◆ Entries provided

§ §

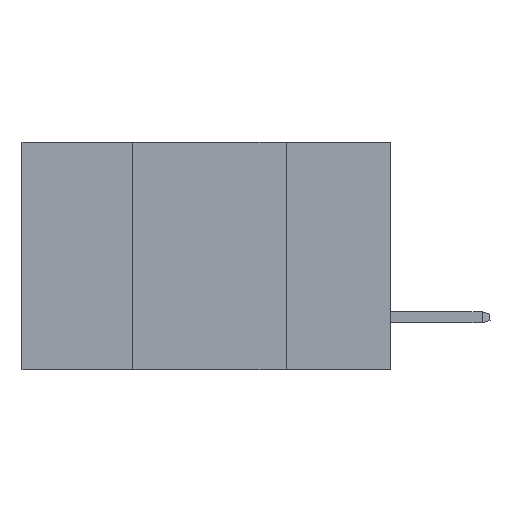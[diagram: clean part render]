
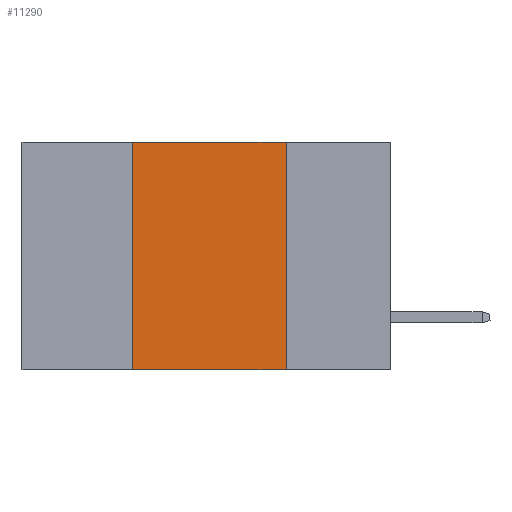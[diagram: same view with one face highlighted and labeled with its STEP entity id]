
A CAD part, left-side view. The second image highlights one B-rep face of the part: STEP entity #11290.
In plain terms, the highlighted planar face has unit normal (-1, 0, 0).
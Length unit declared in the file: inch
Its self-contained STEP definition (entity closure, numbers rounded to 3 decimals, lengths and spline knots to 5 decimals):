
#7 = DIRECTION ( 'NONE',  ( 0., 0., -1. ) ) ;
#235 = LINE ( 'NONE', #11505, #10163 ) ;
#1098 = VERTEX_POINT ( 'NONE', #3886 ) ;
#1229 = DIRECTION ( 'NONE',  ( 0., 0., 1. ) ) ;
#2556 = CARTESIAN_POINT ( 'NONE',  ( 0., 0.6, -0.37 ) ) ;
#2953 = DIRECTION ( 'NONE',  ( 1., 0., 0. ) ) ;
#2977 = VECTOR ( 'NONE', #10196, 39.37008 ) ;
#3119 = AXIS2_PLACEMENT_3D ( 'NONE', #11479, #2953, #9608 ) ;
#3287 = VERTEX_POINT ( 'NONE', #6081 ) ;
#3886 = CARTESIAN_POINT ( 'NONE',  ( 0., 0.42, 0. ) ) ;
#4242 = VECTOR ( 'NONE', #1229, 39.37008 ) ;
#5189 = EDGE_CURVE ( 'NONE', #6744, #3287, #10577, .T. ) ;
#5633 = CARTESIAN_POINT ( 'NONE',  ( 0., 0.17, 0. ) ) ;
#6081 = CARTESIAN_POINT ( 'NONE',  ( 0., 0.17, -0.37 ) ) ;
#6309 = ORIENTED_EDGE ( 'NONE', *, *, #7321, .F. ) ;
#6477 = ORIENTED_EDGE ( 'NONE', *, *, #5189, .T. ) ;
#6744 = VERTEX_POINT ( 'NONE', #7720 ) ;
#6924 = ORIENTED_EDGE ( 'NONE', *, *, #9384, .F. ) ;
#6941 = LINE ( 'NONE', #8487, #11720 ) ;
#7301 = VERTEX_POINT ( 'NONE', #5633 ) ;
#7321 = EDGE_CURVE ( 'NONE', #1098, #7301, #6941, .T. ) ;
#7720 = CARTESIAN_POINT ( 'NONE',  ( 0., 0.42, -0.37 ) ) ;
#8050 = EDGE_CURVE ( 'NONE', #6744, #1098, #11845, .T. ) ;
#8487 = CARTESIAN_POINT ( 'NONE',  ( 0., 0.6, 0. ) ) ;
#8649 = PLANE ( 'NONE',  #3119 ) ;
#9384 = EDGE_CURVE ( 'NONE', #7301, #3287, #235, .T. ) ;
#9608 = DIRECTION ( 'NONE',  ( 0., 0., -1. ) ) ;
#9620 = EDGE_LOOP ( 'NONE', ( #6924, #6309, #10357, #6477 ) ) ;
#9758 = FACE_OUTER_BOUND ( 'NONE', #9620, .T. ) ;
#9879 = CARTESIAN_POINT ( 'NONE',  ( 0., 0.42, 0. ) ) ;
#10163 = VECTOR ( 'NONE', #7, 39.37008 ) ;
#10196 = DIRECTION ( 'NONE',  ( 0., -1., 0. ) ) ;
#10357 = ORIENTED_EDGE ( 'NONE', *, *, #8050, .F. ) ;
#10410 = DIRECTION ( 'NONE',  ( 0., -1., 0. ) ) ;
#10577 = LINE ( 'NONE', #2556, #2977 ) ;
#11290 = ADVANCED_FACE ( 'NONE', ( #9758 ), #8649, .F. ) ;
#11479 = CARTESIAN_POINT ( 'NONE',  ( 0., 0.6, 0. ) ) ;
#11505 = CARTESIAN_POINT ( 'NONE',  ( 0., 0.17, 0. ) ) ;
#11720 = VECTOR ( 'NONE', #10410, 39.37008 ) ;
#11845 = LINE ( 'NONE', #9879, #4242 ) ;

§ §

◆ Task objective
Your copy of the records must match them exactly, except that no pictures appear in it.

◆ Solution to the problem
[diagram: clean part render]
[diagram: same view with one face highlighted and labeled with its STEP entity id]
A CAD part, left-side view. The second image highlights one B-rep face of the part: STEP entity #11290.
In plain terms, the highlighted planar face has unit normal (-1, 0, 0).
Length unit declared in the file: inch
Its self-contained STEP definition (entity closure, numbers rounded to 3 decimals, lengths and spline knots to 5 decimals):
#7 = DIRECTION ( 'NONE',  ( 0., 0., -1. ) ) ;
#235 = LINE ( 'NONE', #11505, #10163 ) ;
#1098 = VERTEX_POINT ( 'NONE', #3886 ) ;
#1229 = DIRECTION ( 'NONE',  ( 0., 0., 1. ) ) ;
#2556 = CARTESIAN_POINT ( 'NONE',  ( 0., 0.6, -0.37 ) ) ;
#2953 = DIRECTION ( 'NONE',  ( 1., 0., 0. ) ) ;
#2977 = VECTOR ( 'NONE', #10196, 39.37008 ) ;
#3119 = AXIS2_PLACEMENT_3D ( 'NONE', #11479, #2953, #9608 ) ;
#3287 = VERTEX_POINT ( 'NONE', #6081 ) ;
#3886 = CARTESIAN_POINT ( 'NONE',  ( 0., 0.42, 0. ) ) ;
#4242 = VECTOR ( 'NONE', #1229, 39.37008 ) ;
#5189 = EDGE_CURVE ( 'NONE', #6744, #3287, #10577, .T. ) ;
#5633 = CARTESIAN_POINT ( 'NONE',  ( 0., 0.17, 0. ) ) ;
#6081 = CARTESIAN_POINT ( 'NONE',  ( 0., 0.17, -0.37 ) ) ;
#6309 = ORIENTED_EDGE ( 'NONE', *, *, #7321, .F. ) ;
#6477 = ORIENTED_EDGE ( 'NONE', *, *, #5189, .T. ) ;
#6744 = VERTEX_POINT ( 'NONE', #7720 ) ;
#6924 = ORIENTED_EDGE ( 'NONE', *, *, #9384, .F. ) ;
#6941 = LINE ( 'NONE', #8487, #11720 ) ;
#7301 = VERTEX_POINT ( 'NONE', #5633 ) ;
#7321 = EDGE_CURVE ( 'NONE', #1098, #7301, #6941, .T. ) ;
#7720 = CARTESIAN_POINT ( 'NONE',  ( 0., 0.42, -0.37 ) ) ;
#8050 = EDGE_CURVE ( 'NONE', #6744, #1098, #11845, .T. ) ;
#8487 = CARTESIAN_POINT ( 'NONE',  ( 0., 0.6, 0. ) ) ;
#8649 = PLANE ( 'NONE',  #3119 ) ;
#9384 = EDGE_CURVE ( 'NONE', #7301, #3287, #235, .T. ) ;
#9608 = DIRECTION ( 'NONE',  ( 0., 0., -1. ) ) ;
#9620 = EDGE_LOOP ( 'NONE', ( #6924, #6309, #10357, #6477 ) ) ;
#9758 = FACE_OUTER_BOUND ( 'NONE', #9620, .T. ) ;
#9879 = CARTESIAN_POINT ( 'NONE',  ( 0., 0.42, 0. ) ) ;
#10163 = VECTOR ( 'NONE', #7, 39.37008 ) ;
#10196 = DIRECTION ( 'NONE',  ( 0., -1., 0. ) ) ;
#10357 = ORIENTED_EDGE ( 'NONE', *, *, #8050, .F. ) ;
#10410 = DIRECTION ( 'NONE',  ( 0., -1., 0. ) ) ;
#10577 = LINE ( 'NONE', #2556, #2977 ) ;
#11290 = ADVANCED_FACE ( 'NONE', ( #9758 ), #8649, .F. ) ;
#11479 = CARTESIAN_POINT ( 'NONE',  ( 0., 0.6, 0. ) ) ;
#11505 = CARTESIAN_POINT ( 'NONE',  ( 0., 0.17, 0. ) ) ;
#11720 = VECTOR ( 'NONE', #10410, 39.37008 ) ;
#11845 = LINE ( 'NONE', #9879, #4242 ) ;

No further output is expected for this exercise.